Fall in 2012 oil demand due to weaker economy: IEA

IEA_2012The International Energy Agency (IEA), in its latest monthly, report cut its estimates for world oil demand growth this year.

In its oil report, the IEA lowered its forecast for global oil demand in 2012 to average 89.9mn bpd, 300,000 bpd lower than its previous estimate a month ago.

Marginal increase

As a result, the IEA now expects world oil demand to grow by just 800,000 bpd in 2012, compared with 1.1mn bpd previously, and marginally up from 700,000 bpd in 2011.

But while the deceleration of global economic growth this year is now forecast to exceed that registered in 2011, the IEA said the feed-through to oil demand should be mitigated by a more stable oil price background.

"Despite the economic backdrop darkening further in 2012... growth marginally accelerates as prices, based on the futures strip, are unlikely to have the same negative influence on demand as in 2011," the IEA said in its report.

Libyan output

While the demand outlook has weakened, the IEA said world oil supply is continuing to climb as Libyan output ramps up and as growing OPEC NGLs production more than compensate for a slip in non-OPEC supplies.
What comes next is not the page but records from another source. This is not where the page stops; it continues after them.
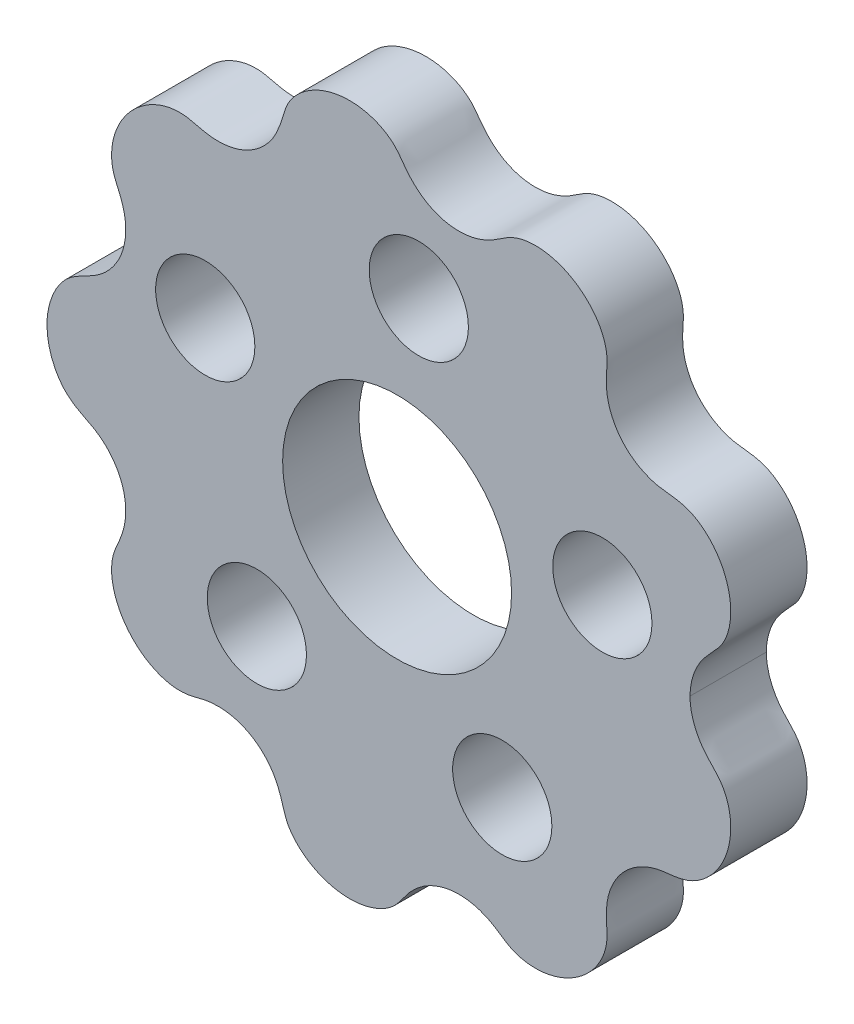
SolidWorks part; units mm, degrees
ref_plane "前视基准面" through (0, 0, 0) normal (0, 0, 1) x (1, 0, 0)
ref_plane "上视基准面" through (0, 0, 0) normal (0, 1, 0) x (1, 0, 0)
ref_plane "右视基准面" through (0, 0, 0) normal (1, 0, 0) x (0, 0, -1)
sketch "草图1" plane through (0, 0, 0) normal (0, 0, 1) x (1, 0, 0)
  line L1 (20.5154, 0) -> (-27.3443, 0) construction
  circle A0 centre (0, 0) radius 6
  spline S0 degree 4 poles (15.4078, 8.5516) (15.5295, 8.4988) (15.7665, 8.3783) (16.0954, 8.1616) (16.4836, 7.8143) (16.8177, 7.4226) (17.0967, 6.997) (17.3205, 6.5428) (17.4876, 6.0676) (17.5964, 5.5785) (17.6455, 5.0823) (17.6342, 4.6444) (17.5834, 4.2711) (17.5188, 3.9944) (17.464, 3.8115) (17.4096, 3.6599) (17.3652, 3.5484) (17.3015, 3.4107) (17.264, 3.3361) (17.1959, 3.2126) (17.1357, 3.1153) (17.0539, 2.995) (16.9466, 2.855) (16.8227, 2.7161) (16.6845, 2.5745) (16.5593, 2.4464) (16.4489, 2.3292) (16.3152, 2.1788) (16.1636, 1.9906) (15.9279, 1.6517) (15.6648, 1.128) (15.5052, 0.5273) (15.4814, -0.1226) (15.5605, -0.6649) (15.6861, -1.0955) (15.8612, -1.486) (16.0723, -1.8343) (16.3083, -2.1405) (16.555, -2.4111) (16.8315, -2.6803) (17.0942, -2.9918) (17.3183, -3.376) (17.4934, -3.8233) (17.6004, -4.2921) (17.6447, -4.77) (17.6284, -5.3454) (17.5114, -6.0091) (17.2782, -6.6442) (16.9371, -7.2268) (16.5751, -7.677) (16.2309, -8.0126) (15.8447, -8.2997) (15.4203, -8.5266) (15.0412, -8.6571) (14.7274, -8.7164) (14.4754, -8.7433) (14.2878, -8.7614) (14.0538, -8.7875) (13.7745, -8.8319) (13.4356, -8.9131) (13.0465, -9.0545) (12.6619, -9.2527) (12.2934, -9.5127) (11.8848, -9.8966) (11.5541, -10.3501) (11.3139, -10.8552) (11.1745, -11.3721) (11.1177, -11.7725) (11.1056, -12.1567) (11.1235, -12.5208) (11.1616, -12.9028) (11.1565, -13.3076) (11.077, -13.7432) (10.9196, -14.1964) (10.6973, -14.6217) (10.4213, -15.0134) (10.0386, -15.4384) (9.5199, -15.8691) (8.9276, -16.2044) (8.283, -16.4293) (7.7098, -16.5364) (7.234, -16.5664) (6.7578, -16.5334) (6.2917, -16.4312) (5.9188, -16.2837) (5.6393, -16.1218) (5.4292, -15.9788) (5.2755, -15.8737) (5.0812, -15.7457) (4.8406, -15.6034) (4.5282, -15.45) (4.1358, -15.3101) (3.7069, -15.2171) (3.2474, -15.184) (2.6836, -15.2243) (2.1404, -15.368) (1.6382, -15.6067) (1.2083, -15.9148) (0.9137, -16.185) (0.6623, -16.4706) (0.4458, -16.7597) (0.2309, -17.073) (-0.0332, -17.3739) (-0.3682, -17.6486) (-0.768, -17.8866) (-1.1977, -18.0655) (-1.6462, -18.1881) (-2.2006, -18.2717) (-2.8603, -18.2759) (-3.5137, -18.1653) (-4.1373, -17.9436) (-4.6414, -17.6775) (-5.0344, -17.4059) (-5.3889, -17.0847) (-5.6928, -16.7155) (-5.9179, -16.3359) (-6.0638, -15.9596) (-6.159, -15.5889) (-6.2647, -15.2412) (-6.4052, -14.8846) (-6.5924, -14.5278) (-6.8329, -14.1799) (-7.1315, -13.853) (-7.5621, -13.4948) (-8.0571, -13.22) (-8.5978, -13.0422) (-9.1415, -12.9705) (-9.5543, -12.969) (-9.8973, -13.0066) (-10.1698, -13.0579) (-10.3944, -13.1114) (-10.5734, -13.1573) (-10.8176, -13.2192) (-11.1325, -13.2755) (-11.5352, -13.2877) (-12.0154, -13.2238) (-12.4807, -13.0889) (-12.9231, -12.8929) (-13.4234, -12.5936) (-13.9487, -12.1614) (-14.3889, -11.6423) (-14.7282, -11.0568) (-14.9397, -10.5253) (-15.0609, -10.069) (-15.1224, -9.6002) (-15.1158, -9.1277) (-15.0429, -8.6926) (-14.9083, -8.3067) (-14.7402, -7.9578) (-14.5979, -7.619) (-14.4775, -7.2504) (-14.3944, -6.8508) (-14.3504, -6.3116) (-14.4076, -5.7493) (-14.5695, -5.2059) (-14.8297, -4.7031) (-15.0937, -4.3326) (-15.3919, -4.0176) (-15.7112, -3.7566) (-16.0007, -3.5689) (-16.2445, -3.4365) (-16.493, -3.3133) (-16.7635, -3.1884) (-17.0822, -3.0075) (-17.4253, -2.7249) (-17.7404, -2.3697) (-18.0007, -1.9724) (-18.2069, -1.5452) (-18.3936, -0.9986) (-18.4981, -0.4259) (-18.5152, 0.1061) (-18.4674, 0.5843) (-18.3989, 0.9586) (-18.2998, 1.3264) (-18.162, 1.6833) (-17.9848, 2.0237) (-17.8279, 2.2658) (-17.712, 2.4219) (-17.6193, 2.534) (-17.5563, 2.6054) (-17.4986, 2.6666) (-17.4495, 2.7166) (-17.3994, 2.7656) (-17.3573, 2.8048) (-17.2912, 2.8633) (-17.2206, 2.9222) (-17.136, 2.9878) (-17.0307, 3.0623) (-16.9018, 3.1436) (-16.7502, 3.2263) (-16.5557, 3.3218) (-16.3265, 3.43) (-16.0686, 3.5654) (-15.7905, 3.7403) (-15.5336, 3.9357) (-15.2572, 4.1901) (-15.0215, 4.4653) (-14.827, 4.7542) (-14.6447, 5.1032) (-14.5035, 5.4638) (-14.396, 5.904) (-14.3548, 6.4206) (-14.386, 6.8105) (-14.4341, 7.0695) (-14.4644, 7.1976) knots 0 0 0 0 0 0.006514 0.013028 0.019259 0.02549 0.031721 0.037951 0.044056 0.05016 0.056265 0.062369 0.065499 0.06863 0.070195 0.07176 0.073325 0.074891 0.076327 0.077763 0.079199 0.080635 0.083508 0.08638 0.088356 0.090332 0.092308 0.094284 0.098235 0.102187 0.112552 0.122904 0.128397 0.133889 0.139373 0.144856 0.149346 0.153836 0.158325 0.162815 0.168293 0.173771 0.180047 0.186323 0.191803 0.197283 0.208243 0.219261 0.22477 0.230279 0.236542 0.242804 0.248311 0.253817 0.25613 0.258442 0.260755 0.263067 0.267692 0.272317 0.277832 0.283347 0.288867 0.294387 0.305265 0.310695 0.316125 0.320597 0.325069 0.329541 0.334013 0.33944 0.344867 0.351176 0.357485 0.362911 0.368338 0.37919 0.390445 0.396072 0.401699 0.407747 0.413796 0.419421 0.425045 0.42733 0.429615 0.431901 0.434186 0.438756 0.443326 0.448958 0.454591 0.46023 0.46587 0.476611 0.481972 0.487332 0.491763 0.496194 0.500625 0.505056 0.510412 0.515769 0.521798 0.527828 0.533186 0.538544 0.549261 0.560079 0.565488 0.570897 0.577186 0.583476 0.588886 0.594295 0.598754 0.603212 0.60767 0.612128 0.61754 0.622952 0.628374 0.633796 0.644955 0.650528 0.656101 0.660637 0.665172 0.667439 0.669707 0.671974 0.674242 0.679808 0.685374 0.691655 0.697935 0.703504 0.709072 0.720208 0.731179 0.736664 0.74215 0.748228 0.754305 0.759791 0.765276 0.769783 0.774291 0.778798 0.783306 0.788793 0.794281 0.805279 0.810848 0.816417 0.821979 0.82754 0.832078 0.836617 0.838886 0.841155 0.845694 0.85125 0.856805 0.862867 0.868928 0.874485 0.880041 0.891155 0.897379 0.900491 0.903603 0.909827 0.916051 0.919226 0.9224 0.923987 0.925574 0.926368 0.927162 0.927955 0.928749 0.929811 0.930873 0.931936 0.932998 0.935122 0.937247 0.939371 0.941496 0.945745 0.9497 0.953655 0.957611 0.961566 0.968116 0.971391 0.974665 0.980874 0.987083 0.993541 1 1 1 1 1 construction
  spline S1 degree 4 poles (15.5, 0) (15.5006, -0.1109) (15.5122, -0.3337) (15.5608, -0.6658) (15.6861, -1.0955) (15.8612, -1.486) (16.0723, -1.8343) (16.3083, -2.1405) (16.555, -2.4111) (16.8315, -2.6803) (17.0942, -2.9918) (17.3183, -3.376) (17.4934, -3.8233) (17.6004, -4.2921) (17.6447, -4.77) (17.6284, -5.3454) (17.5114, -6.0091) (17.2782, -6.6442) (16.9371, -7.2268) (16.5751, -7.677) (16.2309, -8.0126) (15.8447, -8.2997) (15.4203, -8.5266) (15.0412, -8.6571) (14.7274, -8.7164) (14.4754, -8.7433) (14.2878, -8.7614) (14.0538, -8.7875) (13.7745, -8.8319) (13.4356, -8.9131) (13.0465, -9.0545) (12.6619, -9.2527) (12.2934, -9.5127) (11.8848, -9.8966) (11.5541, -10.3501) (11.3139, -10.8552) (11.1745, -11.3721) (11.1177, -11.7725) (11.1056, -12.1567) (11.1235, -12.5208) (11.1616, -12.9028) (11.1565, -13.3076) (11.077, -13.7432) (10.9196, -14.1964) (10.6973, -14.6217) (10.4213, -15.0134) (10.0386, -15.4384) (9.5199, -15.8691) (8.9276, -16.2044) (8.283, -16.4293) (7.7098, -16.5364) (7.234, -16.5664) (6.7578, -16.5334) (6.2917, -16.4312) (5.9188, -16.2837) (5.6393, -16.1218) (5.4292, -15.9788) (5.2755, -15.8737) (5.0812, -15.7457) (4.8406, -15.6034) (4.5282, -15.45) (4.1358, -15.3101) (3.7069, -15.2171) (3.2474, -15.184) (2.6836, -15.2243) (2.1404, -15.368) (1.6382, -15.6067) (1.2083, -15.9148) (0.9137, -16.185) (0.6623, -16.4706) (0.4458, -16.7597) (0.2309, -17.073) (-0.0332, -17.3739) (-0.3682, -17.6486) (-0.768, -17.8866) (-1.1977, -18.0655) (-1.6462, -18.1881) (-2.2006, -18.2717) (-2.8603, -18.2759) (-3.5137, -18.1653) (-4.1373, -17.9436) (-4.6414, -17.6775) (-5.0344, -17.4059) (-5.3889, -17.0847) (-5.6928, -16.7155) (-5.9179, -16.3359) (-6.0638, -15.9596) (-6.159, -15.5889) (-6.2647, -15.2412) (-6.4052, -14.8846) (-6.5924, -14.5278) (-6.8329, -14.1799) (-7.1315, -13.853) (-7.5621, -13.4948) (-8.0571, -13.22) (-8.5978, -13.0422) (-9.1415, -12.9705) (-9.5543, -12.969) (-9.8973, -13.0066) (-10.1698, -13.0579) (-10.3944, -13.1114) (-10.5734, -13.1573) (-10.8176, -13.2192) (-11.1325, -13.2755) (-11.5352, -13.2877) (-12.0154, -13.2238) (-12.4807, -13.0889) (-12.9231, -12.8929) (-13.4234, -12.5936) (-13.9487, -12.1614) (-14.3889, -11.6423) (-14.7282, -11.0568) (-14.9397, -10.5253) (-15.0609, -10.069) (-15.1224, -9.6002) (-15.1158, -9.1277) (-15.0429, -8.6926) (-14.9083, -8.3067) (-14.7402, -7.9578) (-14.5979, -7.619) (-14.4775, -7.2504) (-14.3944, -6.8508) (-14.3504, -6.3116) (-14.4076, -5.7493) (-14.5695, -5.2059) (-14.8297, -4.7031) (-15.0937, -4.3326) (-15.3919, -4.0176) (-15.7112, -3.7566) (-16.0007, -3.5689) (-16.2445, -3.4365) (-16.493, -3.3133) (-16.7635, -3.1884) (-17.0822, -3.0075) (-17.4253, -2.7249) (-17.7404, -2.3697) (-18.0007, -1.9724) (-18.2069, -1.5452) (-18.3924, -1.0021) (-18.4739, -0.5585) (-18.499, -0.2227) (-18.5, 0) knots 0.12295 0.12295 0.12295 0.12295 0.12295 0.128397 0.133889 0.139373 0.144856 0.149346 0.153836 0.158325 0.162815 0.168293 0.173771 0.180047 0.186323 0.191803 0.197283 0.208243 0.219261 0.22477 0.230279 0.236542 0.242804 0.248311 0.253817 0.25613 0.258442 0.260755 0.263067 0.267692 0.272317 0.277832 0.283347 0.288867 0.294387 0.305265 0.310695 0.316125 0.320597 0.325069 0.329541 0.334013 0.33944 0.344867 0.351176 0.357485 0.362911 0.368338 0.37919 0.390445 0.396072 0.401699 0.407747 0.413796 0.419421 0.425045 0.42733 0.429615 0.431901 0.434186 0.438756 0.443326 0.448958 0.454591 0.46023 0.46587 0.476611 0.481972 0.487332 0.491763 0.496194 0.500625 0.505056 0.510412 0.515769 0.521798 0.527828 0.533186 0.538544 0.549261 0.560079 0.565488 0.570897 0.577186 0.583476 0.588886 0.594295 0.598754 0.603212 0.60767 0.612128 0.61754 0.622952 0.628374 0.633796 0.644955 0.650528 0.656101 0.660637 0.665172 0.667439 0.669707 0.671974 0.674242 0.679808 0.685374 0.691655 0.697935 0.703504 0.709072 0.720208 0.731179 0.736664 0.74215 0.748228 0.754305 0.759791 0.765276 0.769783 0.774291 0.778798 0.783306 0.788793 0.794281 0.805279 0.810848 0.816417 0.821979 0.82754 0.832078 0.836617 0.838886 0.841155 0.845694 0.85125 0.856805 0.862867 0.868928 0.874485 0.880041 0.890975 0.890975 0.890975 0.890975 0.890975
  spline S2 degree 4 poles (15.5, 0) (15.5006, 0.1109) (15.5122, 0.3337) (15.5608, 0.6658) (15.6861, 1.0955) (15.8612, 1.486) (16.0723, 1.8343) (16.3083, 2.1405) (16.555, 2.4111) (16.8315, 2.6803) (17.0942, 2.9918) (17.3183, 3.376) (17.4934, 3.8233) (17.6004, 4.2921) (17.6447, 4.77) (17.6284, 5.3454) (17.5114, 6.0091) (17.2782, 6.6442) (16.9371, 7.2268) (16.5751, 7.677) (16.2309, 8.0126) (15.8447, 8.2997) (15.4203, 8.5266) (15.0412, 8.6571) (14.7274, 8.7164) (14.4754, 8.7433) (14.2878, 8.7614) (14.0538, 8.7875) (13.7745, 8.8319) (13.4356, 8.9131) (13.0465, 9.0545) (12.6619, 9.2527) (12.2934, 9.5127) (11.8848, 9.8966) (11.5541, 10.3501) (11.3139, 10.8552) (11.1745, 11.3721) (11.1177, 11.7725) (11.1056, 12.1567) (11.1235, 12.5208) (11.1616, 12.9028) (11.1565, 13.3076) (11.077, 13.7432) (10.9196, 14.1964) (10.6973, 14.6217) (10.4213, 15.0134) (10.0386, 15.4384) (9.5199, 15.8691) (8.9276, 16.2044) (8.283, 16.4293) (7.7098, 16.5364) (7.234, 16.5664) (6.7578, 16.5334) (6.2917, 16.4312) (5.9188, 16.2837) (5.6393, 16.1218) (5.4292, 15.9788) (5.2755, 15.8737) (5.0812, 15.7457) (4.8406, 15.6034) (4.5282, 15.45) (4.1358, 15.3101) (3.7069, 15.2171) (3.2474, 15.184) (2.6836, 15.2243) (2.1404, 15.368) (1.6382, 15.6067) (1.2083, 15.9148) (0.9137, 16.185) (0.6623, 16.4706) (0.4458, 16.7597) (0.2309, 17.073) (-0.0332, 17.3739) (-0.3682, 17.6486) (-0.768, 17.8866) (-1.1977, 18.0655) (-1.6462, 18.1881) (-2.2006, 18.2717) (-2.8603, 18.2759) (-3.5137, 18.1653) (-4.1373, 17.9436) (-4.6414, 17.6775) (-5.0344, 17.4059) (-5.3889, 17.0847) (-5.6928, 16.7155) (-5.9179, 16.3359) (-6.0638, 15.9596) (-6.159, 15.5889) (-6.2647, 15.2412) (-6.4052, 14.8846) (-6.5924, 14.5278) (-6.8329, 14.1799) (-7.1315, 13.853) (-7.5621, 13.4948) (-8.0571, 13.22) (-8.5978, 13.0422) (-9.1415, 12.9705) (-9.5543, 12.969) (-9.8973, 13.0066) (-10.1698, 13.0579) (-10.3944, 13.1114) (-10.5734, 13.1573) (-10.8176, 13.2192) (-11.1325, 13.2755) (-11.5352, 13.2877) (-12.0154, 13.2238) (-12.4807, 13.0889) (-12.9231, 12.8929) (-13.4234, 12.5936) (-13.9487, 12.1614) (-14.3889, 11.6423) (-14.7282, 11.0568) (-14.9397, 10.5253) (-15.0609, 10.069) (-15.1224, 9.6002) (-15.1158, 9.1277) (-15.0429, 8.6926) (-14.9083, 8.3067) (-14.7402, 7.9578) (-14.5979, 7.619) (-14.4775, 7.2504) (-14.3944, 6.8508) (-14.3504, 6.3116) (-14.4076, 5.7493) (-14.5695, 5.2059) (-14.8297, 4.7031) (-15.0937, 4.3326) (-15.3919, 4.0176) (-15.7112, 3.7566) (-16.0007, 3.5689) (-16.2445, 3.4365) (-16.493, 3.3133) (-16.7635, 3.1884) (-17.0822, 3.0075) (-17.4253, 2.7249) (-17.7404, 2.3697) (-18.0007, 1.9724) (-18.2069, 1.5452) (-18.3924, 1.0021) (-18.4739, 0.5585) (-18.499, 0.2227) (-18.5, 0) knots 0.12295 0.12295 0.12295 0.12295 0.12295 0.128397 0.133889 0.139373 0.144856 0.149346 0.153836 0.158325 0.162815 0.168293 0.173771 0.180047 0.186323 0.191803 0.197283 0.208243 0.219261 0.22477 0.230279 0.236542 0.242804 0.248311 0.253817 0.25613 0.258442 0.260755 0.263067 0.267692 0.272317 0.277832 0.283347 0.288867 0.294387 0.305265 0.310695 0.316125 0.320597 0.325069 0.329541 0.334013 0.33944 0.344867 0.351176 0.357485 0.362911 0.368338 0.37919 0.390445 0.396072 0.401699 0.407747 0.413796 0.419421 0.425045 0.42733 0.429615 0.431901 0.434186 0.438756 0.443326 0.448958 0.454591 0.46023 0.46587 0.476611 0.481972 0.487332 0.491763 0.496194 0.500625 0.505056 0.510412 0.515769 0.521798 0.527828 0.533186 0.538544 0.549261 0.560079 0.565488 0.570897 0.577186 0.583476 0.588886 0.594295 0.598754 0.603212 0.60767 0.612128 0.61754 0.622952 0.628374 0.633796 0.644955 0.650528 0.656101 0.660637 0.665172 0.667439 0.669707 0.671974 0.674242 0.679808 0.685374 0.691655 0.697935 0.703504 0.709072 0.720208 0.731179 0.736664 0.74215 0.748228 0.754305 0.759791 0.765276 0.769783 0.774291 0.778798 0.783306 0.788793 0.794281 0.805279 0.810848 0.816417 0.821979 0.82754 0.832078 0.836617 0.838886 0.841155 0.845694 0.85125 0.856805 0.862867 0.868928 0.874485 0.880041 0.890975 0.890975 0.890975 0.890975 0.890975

The IEA said global oil supply rose by 100,000 bpd to 90.2mn bpd in January, with rebounding output from Libya partially offset by declines in non-OPEC countries. OPEC crude oil supply averaged 30.9mn bpd in January, up by 80,000 bpd from December levels, and the highest level from the cartel since October 2008, the IEA said.

The IEA reiterated that the perceived risk of the impact of international sanctions on Iranian crude supplies continues to support prices.

"Perceptions of impending supply issues are clearly placing a floor under oil prices for now," the IEA said.

The Iran effect

While sanctions on Iran are already having an impact on crude oil trade flows in Europe, Asia and the Middle East, the world oil market has enough flexibility to cope with any loss in Iranian supplies this year, the IEA said.

The 2012 "call"

Looking ahead, the IEA said it estimates that the dispute is likely to dent non-OPEC output for the remainder of the first half of 2012 by around 240,000 bpd compared to year ago levels.

As a result of lower demand outlook, the IEA cut its estimates for the call on OPEC crude this year by 100,000 bpd to 29.9mn bpd. The 2012 "call" is now 700,000 bpd below the 2011 average, the IEA stated.